▶ What to produce
Scan the records beneath this line for the line holding "#58=DIRECTION('',(-1.,0.,0.));" and the line holding "#69=LINE('',#68,#67);", then transcribe exactly those two and all lines between.

[Record excerpts — start]

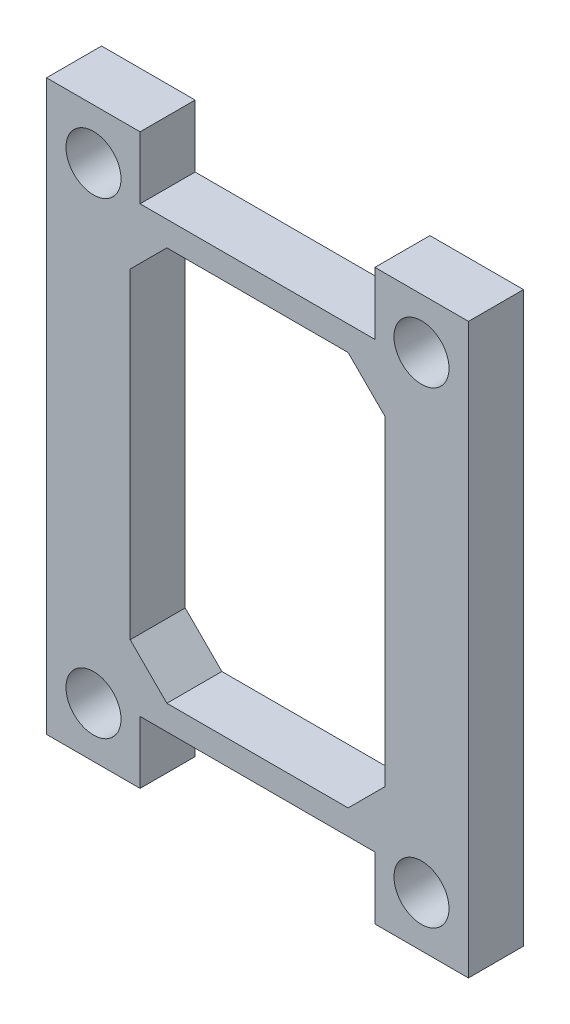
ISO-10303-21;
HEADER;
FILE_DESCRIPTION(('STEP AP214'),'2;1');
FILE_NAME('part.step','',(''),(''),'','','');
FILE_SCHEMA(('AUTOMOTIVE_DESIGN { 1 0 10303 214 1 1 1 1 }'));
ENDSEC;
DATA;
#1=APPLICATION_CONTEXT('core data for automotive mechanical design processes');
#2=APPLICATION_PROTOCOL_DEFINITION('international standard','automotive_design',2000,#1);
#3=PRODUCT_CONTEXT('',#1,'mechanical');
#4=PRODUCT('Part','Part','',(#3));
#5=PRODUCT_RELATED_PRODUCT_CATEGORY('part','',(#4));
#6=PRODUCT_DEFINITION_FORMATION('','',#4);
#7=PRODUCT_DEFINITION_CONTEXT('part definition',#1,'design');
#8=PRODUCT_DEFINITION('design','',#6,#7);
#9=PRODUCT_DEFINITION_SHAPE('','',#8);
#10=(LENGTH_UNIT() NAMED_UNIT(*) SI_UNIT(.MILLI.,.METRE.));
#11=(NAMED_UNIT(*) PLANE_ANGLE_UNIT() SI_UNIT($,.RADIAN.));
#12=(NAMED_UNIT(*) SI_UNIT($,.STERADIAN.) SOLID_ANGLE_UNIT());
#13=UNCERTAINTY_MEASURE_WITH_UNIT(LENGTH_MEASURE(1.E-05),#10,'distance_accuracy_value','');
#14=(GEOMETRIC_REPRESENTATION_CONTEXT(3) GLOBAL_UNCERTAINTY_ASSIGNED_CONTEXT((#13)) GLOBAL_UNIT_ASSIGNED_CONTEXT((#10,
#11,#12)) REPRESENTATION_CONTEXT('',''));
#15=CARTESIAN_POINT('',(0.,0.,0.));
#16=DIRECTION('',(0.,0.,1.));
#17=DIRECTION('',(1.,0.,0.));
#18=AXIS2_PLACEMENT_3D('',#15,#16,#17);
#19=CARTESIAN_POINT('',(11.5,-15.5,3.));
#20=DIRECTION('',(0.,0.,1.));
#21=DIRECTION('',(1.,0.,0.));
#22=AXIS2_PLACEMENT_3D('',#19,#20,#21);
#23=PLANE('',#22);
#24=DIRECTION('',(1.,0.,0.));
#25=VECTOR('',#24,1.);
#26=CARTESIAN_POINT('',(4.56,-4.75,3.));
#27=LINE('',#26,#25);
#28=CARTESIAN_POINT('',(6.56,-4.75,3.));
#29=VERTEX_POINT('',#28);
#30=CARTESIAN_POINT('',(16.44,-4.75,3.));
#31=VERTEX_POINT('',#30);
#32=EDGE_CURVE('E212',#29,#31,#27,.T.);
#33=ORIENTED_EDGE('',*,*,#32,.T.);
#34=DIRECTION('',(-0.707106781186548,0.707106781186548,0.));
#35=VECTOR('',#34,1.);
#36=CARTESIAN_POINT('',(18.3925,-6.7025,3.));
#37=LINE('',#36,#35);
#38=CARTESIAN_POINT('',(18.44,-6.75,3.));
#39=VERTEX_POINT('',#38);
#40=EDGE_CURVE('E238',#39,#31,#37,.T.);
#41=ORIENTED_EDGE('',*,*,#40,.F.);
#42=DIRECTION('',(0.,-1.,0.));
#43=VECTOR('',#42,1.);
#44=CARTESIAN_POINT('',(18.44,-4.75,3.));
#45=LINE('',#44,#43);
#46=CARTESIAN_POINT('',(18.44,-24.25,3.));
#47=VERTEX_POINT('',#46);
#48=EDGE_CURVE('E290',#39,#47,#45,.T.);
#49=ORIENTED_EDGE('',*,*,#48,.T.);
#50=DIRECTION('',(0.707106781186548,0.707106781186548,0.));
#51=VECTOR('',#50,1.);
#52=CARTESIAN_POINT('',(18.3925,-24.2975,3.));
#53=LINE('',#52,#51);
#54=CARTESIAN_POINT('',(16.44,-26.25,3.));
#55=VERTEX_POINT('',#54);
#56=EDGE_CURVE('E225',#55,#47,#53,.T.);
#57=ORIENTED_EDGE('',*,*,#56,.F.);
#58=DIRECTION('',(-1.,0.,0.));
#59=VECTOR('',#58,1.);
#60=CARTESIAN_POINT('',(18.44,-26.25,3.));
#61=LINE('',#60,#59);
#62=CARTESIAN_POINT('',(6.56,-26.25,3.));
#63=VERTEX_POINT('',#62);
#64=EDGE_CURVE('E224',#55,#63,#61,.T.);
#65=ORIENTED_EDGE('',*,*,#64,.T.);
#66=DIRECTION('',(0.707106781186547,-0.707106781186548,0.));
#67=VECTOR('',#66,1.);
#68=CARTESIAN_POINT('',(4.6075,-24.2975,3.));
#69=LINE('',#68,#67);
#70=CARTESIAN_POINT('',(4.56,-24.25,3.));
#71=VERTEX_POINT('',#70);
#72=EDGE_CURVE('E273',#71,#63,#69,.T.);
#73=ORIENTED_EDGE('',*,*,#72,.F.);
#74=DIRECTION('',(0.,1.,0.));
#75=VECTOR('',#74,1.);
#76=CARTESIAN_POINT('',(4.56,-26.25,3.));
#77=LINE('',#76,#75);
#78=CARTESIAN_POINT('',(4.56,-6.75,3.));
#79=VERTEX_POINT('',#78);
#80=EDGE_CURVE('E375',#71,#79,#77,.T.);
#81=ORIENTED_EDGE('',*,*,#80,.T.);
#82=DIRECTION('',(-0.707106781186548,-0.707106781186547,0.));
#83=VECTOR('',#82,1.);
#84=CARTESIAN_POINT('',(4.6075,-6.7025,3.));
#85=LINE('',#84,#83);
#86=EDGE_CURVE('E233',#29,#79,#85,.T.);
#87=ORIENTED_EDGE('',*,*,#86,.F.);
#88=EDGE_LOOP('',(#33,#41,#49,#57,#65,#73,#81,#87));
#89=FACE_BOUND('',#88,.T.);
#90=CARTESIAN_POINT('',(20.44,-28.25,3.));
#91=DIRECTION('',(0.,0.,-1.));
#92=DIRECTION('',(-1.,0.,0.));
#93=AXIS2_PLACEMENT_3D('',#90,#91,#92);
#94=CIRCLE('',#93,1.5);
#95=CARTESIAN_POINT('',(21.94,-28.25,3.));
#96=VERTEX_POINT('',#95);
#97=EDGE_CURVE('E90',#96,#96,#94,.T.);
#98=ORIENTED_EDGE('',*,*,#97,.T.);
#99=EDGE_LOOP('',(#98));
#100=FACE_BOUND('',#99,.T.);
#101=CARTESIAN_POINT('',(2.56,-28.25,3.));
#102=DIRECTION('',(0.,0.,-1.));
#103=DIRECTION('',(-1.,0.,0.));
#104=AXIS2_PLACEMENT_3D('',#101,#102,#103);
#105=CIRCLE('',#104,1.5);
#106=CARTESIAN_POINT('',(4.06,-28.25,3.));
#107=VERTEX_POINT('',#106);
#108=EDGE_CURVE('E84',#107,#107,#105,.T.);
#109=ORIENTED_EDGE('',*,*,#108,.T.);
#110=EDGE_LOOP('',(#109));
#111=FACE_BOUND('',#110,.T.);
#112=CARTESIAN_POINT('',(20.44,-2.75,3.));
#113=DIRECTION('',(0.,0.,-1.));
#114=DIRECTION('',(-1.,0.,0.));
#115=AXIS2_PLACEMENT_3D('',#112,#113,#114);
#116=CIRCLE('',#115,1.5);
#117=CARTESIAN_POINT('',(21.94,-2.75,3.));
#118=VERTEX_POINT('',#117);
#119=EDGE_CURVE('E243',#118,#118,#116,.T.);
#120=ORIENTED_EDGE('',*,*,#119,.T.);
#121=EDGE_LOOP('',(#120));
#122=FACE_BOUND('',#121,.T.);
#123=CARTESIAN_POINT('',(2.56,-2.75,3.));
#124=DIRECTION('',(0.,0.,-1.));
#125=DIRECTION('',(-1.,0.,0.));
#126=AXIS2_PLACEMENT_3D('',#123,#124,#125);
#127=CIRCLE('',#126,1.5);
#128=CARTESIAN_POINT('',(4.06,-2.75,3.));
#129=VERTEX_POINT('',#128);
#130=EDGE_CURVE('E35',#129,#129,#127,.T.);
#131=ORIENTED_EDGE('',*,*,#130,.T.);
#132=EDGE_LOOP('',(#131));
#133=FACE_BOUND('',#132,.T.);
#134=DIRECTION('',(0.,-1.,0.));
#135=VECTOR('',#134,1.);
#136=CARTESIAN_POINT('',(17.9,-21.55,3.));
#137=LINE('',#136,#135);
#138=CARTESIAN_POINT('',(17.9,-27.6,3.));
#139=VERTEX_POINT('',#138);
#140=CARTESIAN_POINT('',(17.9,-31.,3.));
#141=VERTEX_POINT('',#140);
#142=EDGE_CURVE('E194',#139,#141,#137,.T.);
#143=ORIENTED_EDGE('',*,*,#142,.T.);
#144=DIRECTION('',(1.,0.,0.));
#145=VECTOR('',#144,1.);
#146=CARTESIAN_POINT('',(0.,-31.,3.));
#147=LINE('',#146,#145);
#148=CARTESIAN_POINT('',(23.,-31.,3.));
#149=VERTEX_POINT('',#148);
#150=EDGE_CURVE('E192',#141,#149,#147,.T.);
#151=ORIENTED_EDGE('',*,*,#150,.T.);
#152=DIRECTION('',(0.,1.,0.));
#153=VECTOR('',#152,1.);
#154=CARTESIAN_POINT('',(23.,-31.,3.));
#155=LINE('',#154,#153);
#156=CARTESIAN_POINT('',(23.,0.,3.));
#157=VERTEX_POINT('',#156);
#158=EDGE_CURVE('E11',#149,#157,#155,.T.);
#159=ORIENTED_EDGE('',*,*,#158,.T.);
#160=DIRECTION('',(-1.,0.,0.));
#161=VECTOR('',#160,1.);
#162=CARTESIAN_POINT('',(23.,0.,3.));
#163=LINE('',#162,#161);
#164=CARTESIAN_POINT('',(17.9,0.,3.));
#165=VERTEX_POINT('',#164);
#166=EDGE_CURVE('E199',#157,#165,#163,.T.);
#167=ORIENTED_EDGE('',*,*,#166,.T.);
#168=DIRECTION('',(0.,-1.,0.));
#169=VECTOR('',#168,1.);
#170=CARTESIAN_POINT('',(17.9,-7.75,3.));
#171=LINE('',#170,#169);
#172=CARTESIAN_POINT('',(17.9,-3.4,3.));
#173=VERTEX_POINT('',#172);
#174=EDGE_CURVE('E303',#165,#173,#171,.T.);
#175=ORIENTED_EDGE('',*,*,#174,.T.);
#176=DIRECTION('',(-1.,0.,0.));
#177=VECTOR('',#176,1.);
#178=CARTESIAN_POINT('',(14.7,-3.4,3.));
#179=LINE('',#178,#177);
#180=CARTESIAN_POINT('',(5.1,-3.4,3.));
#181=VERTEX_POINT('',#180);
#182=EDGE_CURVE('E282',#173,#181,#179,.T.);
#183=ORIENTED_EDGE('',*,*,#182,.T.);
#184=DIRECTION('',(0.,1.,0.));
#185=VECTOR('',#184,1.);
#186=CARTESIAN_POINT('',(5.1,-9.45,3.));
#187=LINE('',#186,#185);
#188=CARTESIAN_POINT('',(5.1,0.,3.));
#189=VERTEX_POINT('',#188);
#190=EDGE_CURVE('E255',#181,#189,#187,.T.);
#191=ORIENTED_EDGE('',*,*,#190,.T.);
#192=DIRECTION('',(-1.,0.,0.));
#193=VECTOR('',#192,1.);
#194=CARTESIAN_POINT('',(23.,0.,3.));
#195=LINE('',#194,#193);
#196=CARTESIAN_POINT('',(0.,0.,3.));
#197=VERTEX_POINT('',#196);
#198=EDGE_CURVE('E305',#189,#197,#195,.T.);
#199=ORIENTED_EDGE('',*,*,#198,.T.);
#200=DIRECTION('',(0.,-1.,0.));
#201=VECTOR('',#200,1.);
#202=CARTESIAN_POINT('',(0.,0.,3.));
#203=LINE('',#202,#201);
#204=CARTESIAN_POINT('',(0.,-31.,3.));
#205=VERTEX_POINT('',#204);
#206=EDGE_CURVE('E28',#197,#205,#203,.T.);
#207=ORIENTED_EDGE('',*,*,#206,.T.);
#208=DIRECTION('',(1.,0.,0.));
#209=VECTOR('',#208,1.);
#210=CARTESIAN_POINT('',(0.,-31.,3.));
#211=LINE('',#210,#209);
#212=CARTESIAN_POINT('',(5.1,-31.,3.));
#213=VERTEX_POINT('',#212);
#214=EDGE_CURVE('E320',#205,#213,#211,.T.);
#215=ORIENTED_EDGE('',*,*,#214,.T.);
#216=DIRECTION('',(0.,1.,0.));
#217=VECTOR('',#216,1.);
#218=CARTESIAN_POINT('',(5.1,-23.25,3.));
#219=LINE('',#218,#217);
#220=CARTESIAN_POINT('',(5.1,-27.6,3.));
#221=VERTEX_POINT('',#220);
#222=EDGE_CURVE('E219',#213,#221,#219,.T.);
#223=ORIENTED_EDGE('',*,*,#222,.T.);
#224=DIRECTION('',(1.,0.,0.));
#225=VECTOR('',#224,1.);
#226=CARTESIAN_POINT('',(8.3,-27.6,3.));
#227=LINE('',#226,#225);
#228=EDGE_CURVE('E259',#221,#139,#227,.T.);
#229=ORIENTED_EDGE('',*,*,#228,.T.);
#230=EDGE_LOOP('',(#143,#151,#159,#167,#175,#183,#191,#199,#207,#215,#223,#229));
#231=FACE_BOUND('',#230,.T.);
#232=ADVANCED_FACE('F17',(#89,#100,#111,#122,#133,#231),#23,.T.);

[Record excerpts — finish]

▶ Written response
#58=DIRECTION('',(-1.,0.,0.));
#59=VECTOR('',#58,1.);
#60=CARTESIAN_POINT('',(18.44,-26.25,3.));
#61=LINE('',#60,#59);
#62=CARTESIAN_POINT('',(6.56,-26.25,3.));
#63=VERTEX_POINT('',#62);
#64=EDGE_CURVE('E224',#55,#63,#61,.T.);
#65=ORIENTED_EDGE('',*,*,#64,.T.);
#66=DIRECTION('',(0.707106781186547,-0.707106781186548,0.));
#67=VECTOR('',#66,1.);
#68=CARTESIAN_POINT('',(4.6075,-24.2975,3.));
#69=LINE('',#68,#67);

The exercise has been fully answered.